Detection Priorities for Destructive Attacks
| Detection Area | What to Watch | Why It Matters |
|---|---|---|
| Virtualization | Mass VM deletion, shutdown, snapshot deletion, or console login from unusual IPs | Attackers may use the management layer to erase many systems at once |
| Databases | Bulk DROP DATABASE commands and sudden backup file deletion | Database destruction can remove application data and recovery points |
| Backups | Backup chain deletion, retention policy changes, repository access, and failed restore tests | Recovery systems are a primary target in destructive campaigns |
| File systems | Mass deletion of system folders, web roots, and storage volumes | Attackers may combine automation with manual wiping |
| Remote access | RDP via proxies, new tunneling binaries, and unexpected admin sessions | Hands-on activity often precedes final destruction |
Security teams should map this activity to MITRE’s data destruction technique and MITRE’s system recovery inhibition technique. These categories help defenders build detection rules around destructive behavior instead of chasing only one malware family or one file hash.
Backup architecture also needs an adversary-focused review. The CISA guidance recommends tested backup and recovery practices, but organizations should also confirm whether backup consoles, credentials, storage repositories, and restore processes can survive a privileged intrusion.
Why the Campaign Matters
Ababil of Minab shows how destructive cyber operations can target the systems that make recovery possible. A victim can have backups on paper, but if attackers delete backup chains, wipe storage, remove virtual machines, and damage operating systems, recovery becomes slow and uncertain.
The campaign also shows why attribution alone should not drive response. Whether an attacker claims hacktivism or state-linked motives, defenders need to prepare for the same operational reality: attackers may destroy production systems and recovery infrastructure before defenders finish containment.
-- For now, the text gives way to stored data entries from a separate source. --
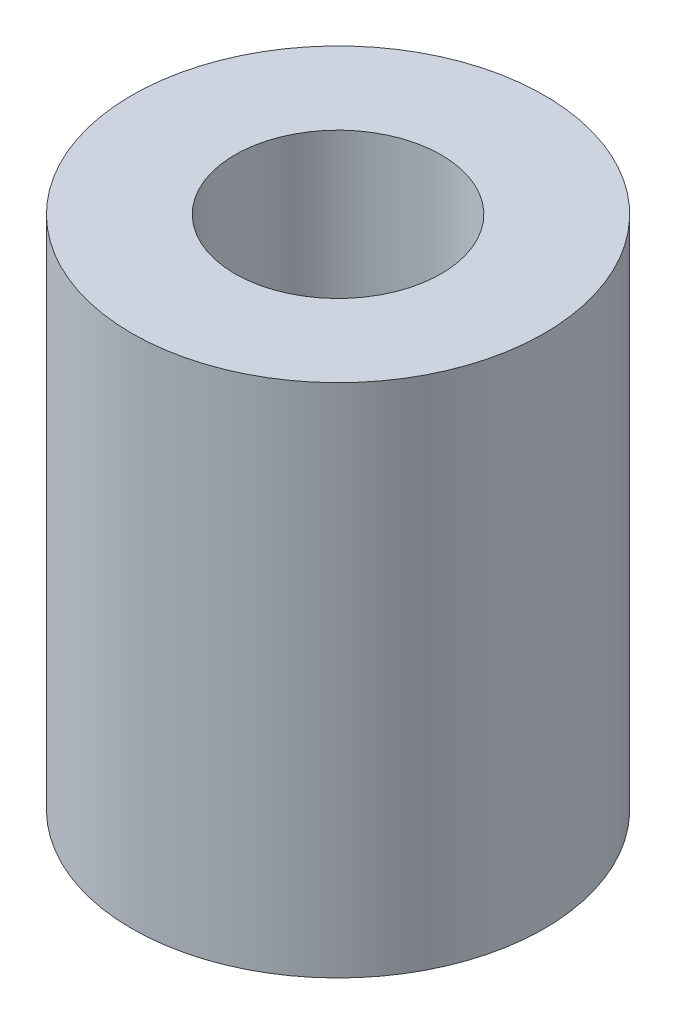
ISO-10303-21;
HEADER;
FILE_DESCRIPTION(('STEP AP214'),'2;1');
FILE_NAME('part.step','',(''),(''),'','','');
FILE_SCHEMA(('AUTOMOTIVE_DESIGN { 1 0 10303 214 1 1 1 1 }'));
ENDSEC;
DATA;
#1=APPLICATION_CONTEXT('core data for automotive mechanical design processes');
#2=APPLICATION_PROTOCOL_DEFINITION('international standard','automotive_design',2000,#1);
#3=PRODUCT_CONTEXT('',#1,'mechanical');
#4=PRODUCT('Part','Part','',(#3));
#5=PRODUCT_RELATED_PRODUCT_CATEGORY('part','',(#4));
#6=PRODUCT_DEFINITION_FORMATION('','',#4);
#7=PRODUCT_DEFINITION_CONTEXT('part definition',#1,'design');
#8=PRODUCT_DEFINITION('design','',#6,#7);
#9=PRODUCT_DEFINITION_SHAPE('','',#8);
#10=(LENGTH_UNIT() NAMED_UNIT(*) SI_UNIT(.MILLI.,.METRE.));
#11=(NAMED_UNIT(*) PLANE_ANGLE_UNIT() SI_UNIT($,.RADIAN.));
#12=(NAMED_UNIT(*) SI_UNIT($,.STERADIAN.) SOLID_ANGLE_UNIT());
#13=UNCERTAINTY_MEASURE_WITH_UNIT(LENGTH_MEASURE(1.E-05),#10,'distance_accuracy_value','');
#14=(GEOMETRIC_REPRESENTATION_CONTEXT(3) GLOBAL_UNCERTAINTY_ASSIGNED_CONTEXT((#13)) GLOBAL_UNIT_ASSIGNED_CONTEXT((#10,
#11,#12)) REPRESENTATION_CONTEXT('',''));
#15=CARTESIAN_POINT('',(0.,0.,0.));
#16=DIRECTION('',(0.,0.,1.));
#17=DIRECTION('',(1.,0.,0.));
#18=AXIS2_PLACEMENT_3D('',#15,#16,#17);
#19=CARTESIAN_POINT('',(0.,15.875,0.));
#20=DIRECTION('',(0.,-1.,0.));
#21=DIRECTION('',(0.,0.,-1.));
#22=AXIS2_PLACEMENT_3D('',#19,#20,#21);
#23=CYLINDRICAL_SURFACE('',#22,6.35);
#24=CARTESIAN_POINT('',(0.,15.875,0.));
#25=DIRECTION('',(0.,1.,0.));
#26=DIRECTION('',(0.,0.,1.));
#27=AXIS2_PLACEMENT_3D('',#24,#25,#26);
#28=CIRCLE('',#27,6.35);
#29=CARTESIAN_POINT('',(0.,15.875,6.35));
#30=VERTEX_POINT('',#29);
#31=EDGE_CURVE('E10',#30,#30,#28,.T.);
#32=ORIENTED_EDGE('',*,*,#31,.F.);
#33=EDGE_LOOP('',(#32));
#34=FACE_BOUND('',#33,.T.);
#35=CARTESIAN_POINT('',(0.,0.,0.));
#36=DIRECTION('',(0.,1.,0.));
#37=DIRECTION('',(0.,0.,1.));
#38=AXIS2_PLACEMENT_3D('',#35,#36,#37);
#39=CIRCLE('',#38,6.35);
#40=CARTESIAN_POINT('',(0.,0.,6.35));
#41=VERTEX_POINT('',#40);
#42=EDGE_CURVE('E34',#41,#41,#39,.T.);
#43=ORIENTED_EDGE('',*,*,#42,.T.);
#44=EDGE_LOOP('',(#43));
#45=FACE_BOUND('',#44,.T.);
#46=ADVANCED_FACE('F31',(#34,#45),#23,.T.);
#47=CARTESIAN_POINT('',(0.,15.875,0.));
#48=DIRECTION('',(0.,1.,0.));
#49=DIRECTION('',(0.,0.,1.));
#50=AXIS2_PLACEMENT_3D('',#47,#48,#49);
#51=PLANE('',#50);
#52=CARTESIAN_POINT('',(0.,15.875,0.));
#53=DIRECTION('',(0.,1.,0.));
#54=DIRECTION('',(0.,0.,1.));
#55=AXIS2_PLACEMENT_3D('',#52,#53,#54);
#56=CIRCLE('',#55,3.175);
#57=CARTESIAN_POINT('',(0.,15.875,3.175));
#58=VERTEX_POINT('',#57);
#59=EDGE_CURVE('E43',#58,#58,#56,.T.);
#60=ORIENTED_EDGE('',*,*,#59,.F.);
#61=EDGE_LOOP('',(#60));
#62=FACE_BOUND('',#61,.T.);
#63=ORIENTED_EDGE('',*,*,#31,.T.);
#64=EDGE_LOOP('',(#63));
#65=FACE_BOUND('',#64,.T.);
#66=ADVANCED_FACE('F58',(#62,#65),#51,.T.);
#67=CARTESIAN_POINT('',(0.,0.,0.));
#68=DIRECTION('',(0.,1.,0.));
#69=DIRECTION('',(0.,0.,1.));
#70=AXIS2_PLACEMENT_3D('',#67,#68,#69);
#71=PLANE('',#70);
#72=CARTESIAN_POINT('',(0.,0.,0.));
#73=DIRECTION('',(0.,1.,0.));
#74=DIRECTION('',(0.,0.,1.));
#75=AXIS2_PLACEMENT_3D('',#72,#73,#74);
#76=CIRCLE('',#75,3.175);
#77=CARTESIAN_POINT('',(0.,0.,3.175));
#78=VERTEX_POINT('',#77);
#79=EDGE_CURVE('E41',#78,#78,#76,.T.);
#80=ORIENTED_EDGE('',*,*,#79,.T.);
#81=EDGE_LOOP('',(#80));
#82=FACE_BOUND('',#81,.T.);
#83=ORIENTED_EDGE('',*,*,#42,.F.);
#84=EDGE_LOOP('',(#83));
#85=FACE_BOUND('',#84,.T.);
#86=ADVANCED_FACE('F49',(#82,#85),#71,.F.);
#87=CARTESIAN_POINT('',(0.,0.,0.));
#88=DIRECTION('',(0.,1.,0.));
#89=DIRECTION('',(0.,0.,1.));
#90=AXIS2_PLACEMENT_3D('',#87,#88,#89);
#91=CYLINDRICAL_SURFACE('',#90,3.175);
#92=ORIENTED_EDGE('',*,*,#79,.F.);
#93=EDGE_LOOP('',(#92));
#94=FACE_BOUND('',#93,.T.);
#95=ORIENTED_EDGE('',*,*,#59,.T.);
#96=EDGE_LOOP('',(#95));
#97=FACE_BOUND('',#96,.T.);
#98=ADVANCED_FACE('F52',(#94,#97),#91,.F.);
#99=CLOSED_SHELL('',(#46,#66,#86,#98));
#100=MANIFOLD_SOLID_BREP('B2',#99);
#101=ADVANCED_BREP_SHAPE_REPRESENTATION('',(#18,#100),#14);
#102=SHAPE_DEFINITION_REPRESENTATION(#9,#101);
ENDSEC;
END-ISO-10303-21;

For critical infrastructure, transportation, education, insurance, and public-sector organizations, the priority is resilience. The question is no longer only whether attackers can get in. It is whether the organization can keep enough trusted systems, backups, identities, and recovery tooling intact to bring operations back.
FAQ
Ababil of Minab is a pro-Iranian cyber persona that claimed attacks against organizations including LA Metro, Tri-Rail, Vyncs, and UNIMAC. Gambit Security linked the activity to Iran-associated infrastructure and Black Shadow-related operations.
LA Metro said essential rail and bus service continued, along with safety and security systems. However, public reporting described disruptions to customer-facing systems such as arrival information and some fare-loading services.
The attackers targeted more than normal user data. Reports describe deletion of virtual machines, databases, backup files, storage volumes, operating system files, and recovery infrastructure at a subset of victims.
Public reporting linked Ababil of Minab claims or activity to LA Metro, South Florida Regional Transportation Authority, Vyncs owner Agnik, and Saudi infrastructure company UNIMAC. Gambit also identified additional unnamed victims in Israel and Turkey.
Organizations should isolate backup systems, use immutable or offline backups, test restores, protect virtualization and backup consoles with strong authentication, monitor for mass deletion, and restrict privileged access to recovery infrastructure.